The Environment and Directed Technical Change

66 Pages Posted: 3 Nov 2009 Last revised: 21 Sep 2010

See all articles by Daron Acemoglu

Daron Acemoglu

Massachusetts Institute of Technology (MIT) - Department of Economics; Centre for Economic Policy Research (CEPR); National Bureau of Economic Research (NBER)

Philippe Aghion

College de France and London School of Economics and Political Science, Fellow; Centre for Economic Policy Research (CEPR); National Bureau of Economic Research (NBER)

Leonardo Bursztyn

Harvard University - Department of Economics

David Hémous

University of Zürich

Multiple version iconThere are 3 versions of this paper

Date Written: October 2009

Abstract

This paper introduces endogenous and directed technical change in a growth model with environmental constraints and limited resources.

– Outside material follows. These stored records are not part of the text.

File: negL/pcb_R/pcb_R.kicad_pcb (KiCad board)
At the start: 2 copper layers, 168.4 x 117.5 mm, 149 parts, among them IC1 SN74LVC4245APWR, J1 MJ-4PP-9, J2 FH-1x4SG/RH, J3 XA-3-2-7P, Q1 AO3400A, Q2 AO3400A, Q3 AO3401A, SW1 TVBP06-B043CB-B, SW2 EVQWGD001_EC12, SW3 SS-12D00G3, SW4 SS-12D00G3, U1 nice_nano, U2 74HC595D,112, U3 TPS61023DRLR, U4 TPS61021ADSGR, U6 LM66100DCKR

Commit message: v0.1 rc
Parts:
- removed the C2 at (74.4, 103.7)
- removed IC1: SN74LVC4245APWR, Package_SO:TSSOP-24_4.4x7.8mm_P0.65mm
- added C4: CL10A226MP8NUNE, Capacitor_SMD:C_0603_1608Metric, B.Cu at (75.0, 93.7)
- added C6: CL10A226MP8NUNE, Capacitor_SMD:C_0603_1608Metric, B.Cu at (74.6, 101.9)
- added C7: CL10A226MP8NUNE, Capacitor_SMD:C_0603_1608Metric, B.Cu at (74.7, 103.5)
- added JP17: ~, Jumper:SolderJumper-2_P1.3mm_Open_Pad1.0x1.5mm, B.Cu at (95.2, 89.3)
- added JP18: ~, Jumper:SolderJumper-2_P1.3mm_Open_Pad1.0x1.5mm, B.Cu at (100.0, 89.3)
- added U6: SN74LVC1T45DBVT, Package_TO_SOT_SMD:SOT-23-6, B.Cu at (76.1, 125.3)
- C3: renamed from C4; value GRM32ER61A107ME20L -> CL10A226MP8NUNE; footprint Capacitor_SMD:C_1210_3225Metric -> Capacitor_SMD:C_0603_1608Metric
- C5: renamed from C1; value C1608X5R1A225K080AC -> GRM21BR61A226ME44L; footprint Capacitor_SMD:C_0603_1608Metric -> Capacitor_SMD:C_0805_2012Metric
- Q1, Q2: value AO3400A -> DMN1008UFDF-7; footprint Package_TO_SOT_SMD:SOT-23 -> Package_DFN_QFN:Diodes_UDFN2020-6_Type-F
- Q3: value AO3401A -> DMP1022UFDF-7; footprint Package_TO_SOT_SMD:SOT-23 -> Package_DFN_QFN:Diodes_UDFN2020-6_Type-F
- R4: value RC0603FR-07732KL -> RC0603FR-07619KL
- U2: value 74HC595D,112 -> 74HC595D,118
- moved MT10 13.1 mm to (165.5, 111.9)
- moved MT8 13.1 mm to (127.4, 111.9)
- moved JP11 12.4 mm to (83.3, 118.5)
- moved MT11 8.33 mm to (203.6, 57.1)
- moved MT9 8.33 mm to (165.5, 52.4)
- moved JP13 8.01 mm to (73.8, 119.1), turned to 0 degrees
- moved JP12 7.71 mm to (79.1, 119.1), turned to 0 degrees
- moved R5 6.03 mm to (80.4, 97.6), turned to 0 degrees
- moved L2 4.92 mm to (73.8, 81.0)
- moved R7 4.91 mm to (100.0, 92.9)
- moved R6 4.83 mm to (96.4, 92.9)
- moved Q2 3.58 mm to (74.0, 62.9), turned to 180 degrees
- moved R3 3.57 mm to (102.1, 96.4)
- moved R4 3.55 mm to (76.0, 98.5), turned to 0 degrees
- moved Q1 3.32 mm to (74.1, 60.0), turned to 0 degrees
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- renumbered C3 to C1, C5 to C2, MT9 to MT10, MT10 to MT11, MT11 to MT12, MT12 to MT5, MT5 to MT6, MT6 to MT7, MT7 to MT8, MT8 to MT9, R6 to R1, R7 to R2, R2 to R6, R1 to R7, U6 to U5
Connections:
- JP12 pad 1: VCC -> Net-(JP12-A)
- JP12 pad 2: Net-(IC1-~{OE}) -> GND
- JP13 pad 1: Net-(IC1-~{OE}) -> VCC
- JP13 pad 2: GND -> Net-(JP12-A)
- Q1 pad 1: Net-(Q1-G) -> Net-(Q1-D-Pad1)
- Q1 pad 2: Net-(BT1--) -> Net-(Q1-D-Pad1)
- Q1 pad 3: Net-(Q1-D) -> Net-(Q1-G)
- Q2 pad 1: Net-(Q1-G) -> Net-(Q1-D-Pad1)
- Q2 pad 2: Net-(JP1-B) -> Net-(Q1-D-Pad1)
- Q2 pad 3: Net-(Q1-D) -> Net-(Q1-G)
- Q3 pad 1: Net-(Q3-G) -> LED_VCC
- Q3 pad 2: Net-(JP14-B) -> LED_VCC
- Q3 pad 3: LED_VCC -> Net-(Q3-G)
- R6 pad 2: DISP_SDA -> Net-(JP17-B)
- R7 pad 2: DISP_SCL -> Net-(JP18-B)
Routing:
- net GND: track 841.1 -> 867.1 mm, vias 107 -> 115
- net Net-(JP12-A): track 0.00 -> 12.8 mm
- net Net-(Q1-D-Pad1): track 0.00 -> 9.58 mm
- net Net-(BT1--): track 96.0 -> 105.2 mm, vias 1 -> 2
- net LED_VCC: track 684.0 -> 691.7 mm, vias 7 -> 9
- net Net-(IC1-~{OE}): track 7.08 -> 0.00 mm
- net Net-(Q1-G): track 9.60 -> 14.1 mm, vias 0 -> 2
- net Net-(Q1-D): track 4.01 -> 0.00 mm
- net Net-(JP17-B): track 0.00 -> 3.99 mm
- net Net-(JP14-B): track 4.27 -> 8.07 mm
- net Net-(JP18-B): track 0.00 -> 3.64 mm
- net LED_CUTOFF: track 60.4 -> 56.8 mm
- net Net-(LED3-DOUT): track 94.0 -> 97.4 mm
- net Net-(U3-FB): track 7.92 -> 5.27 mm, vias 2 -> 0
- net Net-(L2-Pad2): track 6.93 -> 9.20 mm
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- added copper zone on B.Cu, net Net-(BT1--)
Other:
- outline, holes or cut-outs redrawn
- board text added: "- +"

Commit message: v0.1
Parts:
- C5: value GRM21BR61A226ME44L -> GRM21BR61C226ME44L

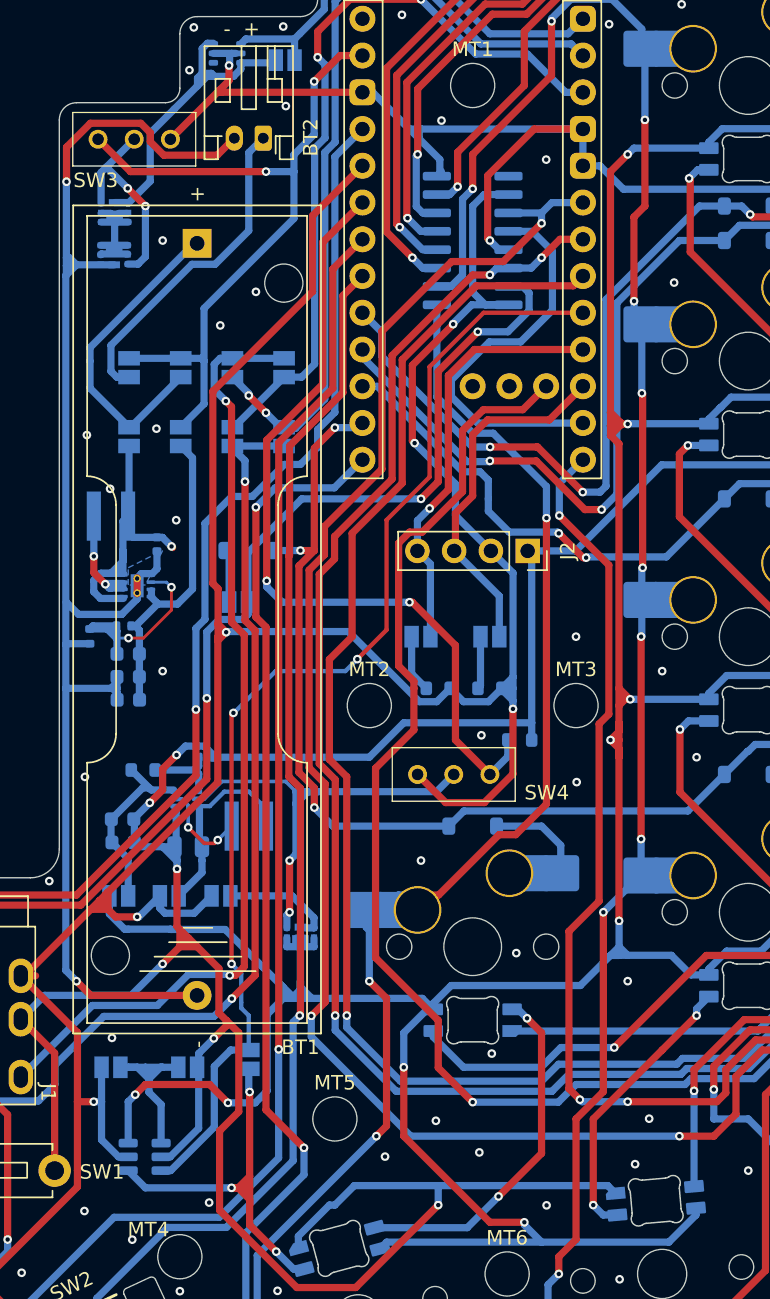
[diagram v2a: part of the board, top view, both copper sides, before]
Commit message: fix(pcb/right): Fixed critical bug that power switch not working
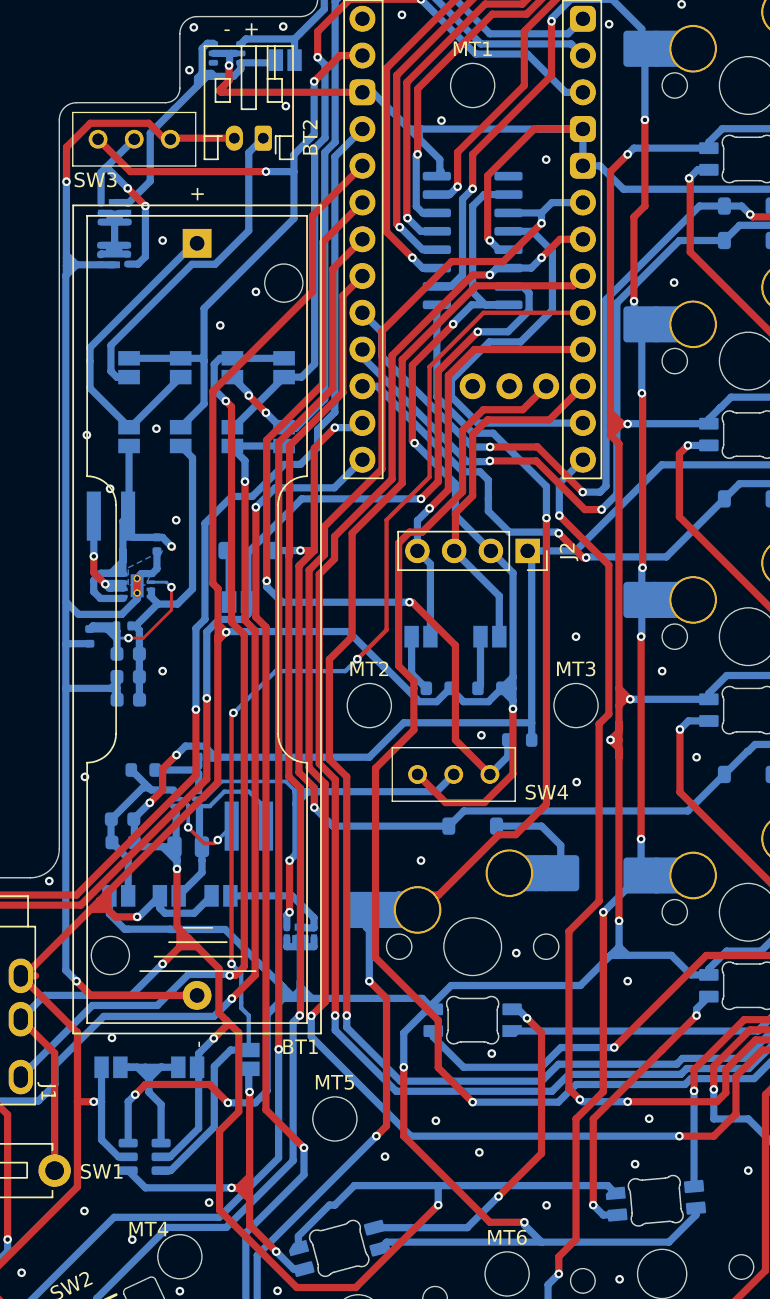
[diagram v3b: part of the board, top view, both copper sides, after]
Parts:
- C5: value GRM21BR61C226ME44L -> GRM21BR61A226ME44L
- L1: value XFL4020-102MEB -> XAL4020-102MEC
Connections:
- SW3 pad 3: GND -> Net-(BT1--)
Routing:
- net GND: track 867.1 -> 862.4 mm
- net Net-(BT1--): track 105.2 -> 103.9 mm

A unique final good is produced by combining inputs from two sectors. One of these sectors uses "dirty" machines and thus creates environmental degradation. Research can be directed to improving the technology of machines in either sector. We characterize dynamic tax policies that achieve sustainable growth or maximize intertemporal welfare, as a function of the degree of substitutability between clean and dirty inputs, environmental and resource stocks, and cross-country technological spillovers. We show that: (i) in the case where the inputs are sufficiently substitutable, sustainable long-run growth can be achieved with temporary taxation of dirty innovation and production; (ii) optimal policy involves both "carbon taxes" and research subsidies, so that excessive use of carbon taxes is avoided; (iii) delay in intervention is costly: the sooner and the stronger is the policy response, the shorter is the slow growth transition phase; (iv) the use of an exhaustible resource in dirty input production helps the switch to clean innovation under laissez-faire when the two inputs are substitutes. Under reasonable parameter values (corresponding to those used in existing models with exogenous technology) and with sufficient substitutability between inputs, it is optimal to redirect technical change towards clean technologies immediately and optimal environmental regulation need not reduce long-run growth. We also show that in a two-country extension, even though optimal environmental policy involves global policy coordination, when the two inputs are sufficiently substitutable environmental regulation only in the North may be sufficient to avoid a global disaster.

Suggested Citation

Acemoglu, Daron and Aghion, Philippe and Bursztyn, Leonardo and Hemous, David, The Environment and Directed Technical Change (October 2009). NBER Working Paper No. w15451. Available at SSRN: https://ssrn.com/abstract=1498952

Daron Acemoglu (Contact Author)

Massachusetts Institute of Technology (MIT) - Department of Economics ( email )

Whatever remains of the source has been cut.